Lorsqu' "a travail égal, salaire égal" ne se limite pas à "a fonction égale, salaire égal"

Publié par Sébastien CHARRIÈRE le 11/08/2010 | Lu 7086 fois | 0 réaction

Quel que soit le sexe des personnes concernées, on sait aujourd'hui que deux salariés qui exercent la même fonction au sein d'une même structure et qui sont dans une situation équivalente d'ancienneté, de responsabilité et de niveau de diplôme en rapport avec les tâches demandées doivent nécessairement avoir la même rémunération. La différenciation entre ces personnes peuvent se justifier uniquement par les éléments objectifs précités dont il est prouvé par l'employeur la pertinence (à ce sujet, voir "A diplôme différent, salaire différent pour le même poste" sur le site juritravail.com). La chambre sociale de la Cour de cassation vient, dans une décision rendue le 6 juillet dernier, d'aller encore un peu plus loin dans la compréhension de l'adage "A travail égal, salaire égal" en rappelant une disposition du Code du travail sur l'égalité de rémunération entre les hommes et les femmes.

L'affaire qui nous intéresse a été portée par une salariée et repris par les juges au visa de l'égalité de rémunération entre les femmes et les hommes. Toutefois, je ne m'attarderais pas et ne reviendrais pas sur ce sacro-saint principe maintes fois repris non par dédain de la gente féminine (loin de moi cette idée !) mais simplement pour me concentrer uniquement sur le principe juridique plus général "A travail égal, salaire égal" et la précision qu'apporte cet arrêt indépendamment du sexe des parties concernées (la même solution aurait été rendue si l'affaire avait été portée par un homme... même si, on pourrait peut-être douter de l'existence de cette affaire si la demanderesse était un demandeur...).

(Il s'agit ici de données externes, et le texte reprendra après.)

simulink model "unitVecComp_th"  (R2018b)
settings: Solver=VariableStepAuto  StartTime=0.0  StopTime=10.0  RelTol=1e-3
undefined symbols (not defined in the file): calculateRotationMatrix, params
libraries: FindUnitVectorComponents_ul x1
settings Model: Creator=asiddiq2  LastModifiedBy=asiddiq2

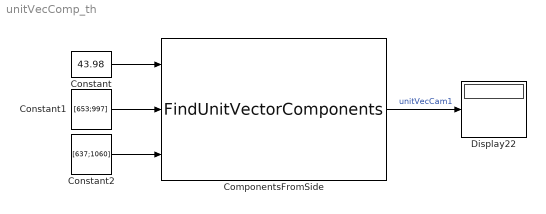
== system unitVecComp_th ==
  ComponentsFromSide : FindUnitVectorComponents_ul/FindUnitVectorComponents  cameraViewAngleVec_deg=params.cameraFOV_deg.Value  cam2GroundRotationMatrix=calculateRotationMatrix((pi/180)*params.sideCamEulAng_deg.Value(1),(pi/180)*params.sideCamEulAng_deg.Value(2),(pi/180)*params.sideCamEulAng_deg.Value(3))  imageDimensions=params.sideImageSize_px.Value
  Constant : Constant  Value=43.98
  Constant1 : Constant  Value=[653;997]  VectorParams1D=off
  Constant2 : Constant  Value=[637;1060]  VectorParams1D=off
  Display22 : Display
  wires:
  Constant/1 -> ComponentsFromSide/1
  Constant1/1 -> ComponentsFromSide/2
  Constant2/1 -> ComponentsFromSide/3
  ComponentsFromSide/1 -> Display22/1  "unitVecCam1"

En l'espèce, donc, une salariée qui avait le statut d'agent de maitrise avec un poste à responsabilité (responsable des affaires juridiques, des services généraux et de la gestion du personnel) bénéficie d'une promotion, suite à un transfert de contrat, comme responsable des ressources humaines, du juridique et des services généraux avec un statut de cadre. Un an plus tard, la salariée fait l'objet d'un licenciement et décide de porter l'affaire en justice afin de réclamer, entre autres, le rappel de salaire pour discrimination en raison de son sexe.

En l'occurence, la salariée reprochait de ne pas avoir une rémunération équivalente aux directeurs chargés de la mise en oeuvre de l'activité commerciale de l'entreprise qui, bien qu'exerçant des fonctions différentes, avaient une rémunération nettement supérieure à celle versée à la salariée. L'employeur, pour se défendre, a évoqué qu'il ne peut y avoir de discrimination salariale que pour autant qu'il est possible de comparer la situation du salarié qui en invoque l'existence avec la rémunération d'autres salariés placés dans une situation identique ou encore effectuant un travail de valeur égale. En outre, il reproche aux juges de s'être substitué à l'employeur dans l'organisation de son service en se livrant à une comparaison de l'importance des différents services.

La Cour de cassation (qui statuait une deuxième fois après renvoi), a rejeté ses arguments en invoquant, d'une part, que l'employeur est tenu d'assurer pour un même travail ou un travail de valeur égale, l'égalité de rémunération entre les femmes et les hommes et, d'autre part, l'article L. 3221-4 du Code du travail qui précise que sont considérés comme ayant une valeur égale les travaux qui exigent des salariés un ensemble comparable de connaissances professionnelles consacrées par un titre, un diplôme ou une pratique professionnelle, de capacités découlant de l'expérience acquise, de responsabilités et de charge physique ou nerveuse.

Cet arrêt est ainsi l'occasion de rappeler que le Code du travail ne limite pas l'adage "A travail égal, salaire égal" à l'exercice d'une même fonction. En effet, celui-ci évoque la notion de travail à valeur égale et renvoi à une appréciation finalement subjective basée sur un ensemble d'éléments qui relèvent de l'appréciation des juges du fond ceux-ci n'étant pas liés par l'appréciation générale de l'employeur sur l'organisation de ses services. Toutefois, en l'espèce, la salariée faisait partie des personnes les plus diplômées de la structure (bac +5 qui la place du 2nd rang) et les plus anciennes, tout en faisant partie, au même titre que les autres responsables, du comité de direction, et en exerçant une fonction exigeant des capacités comparables et représentant une charge nerveuse du même ordre.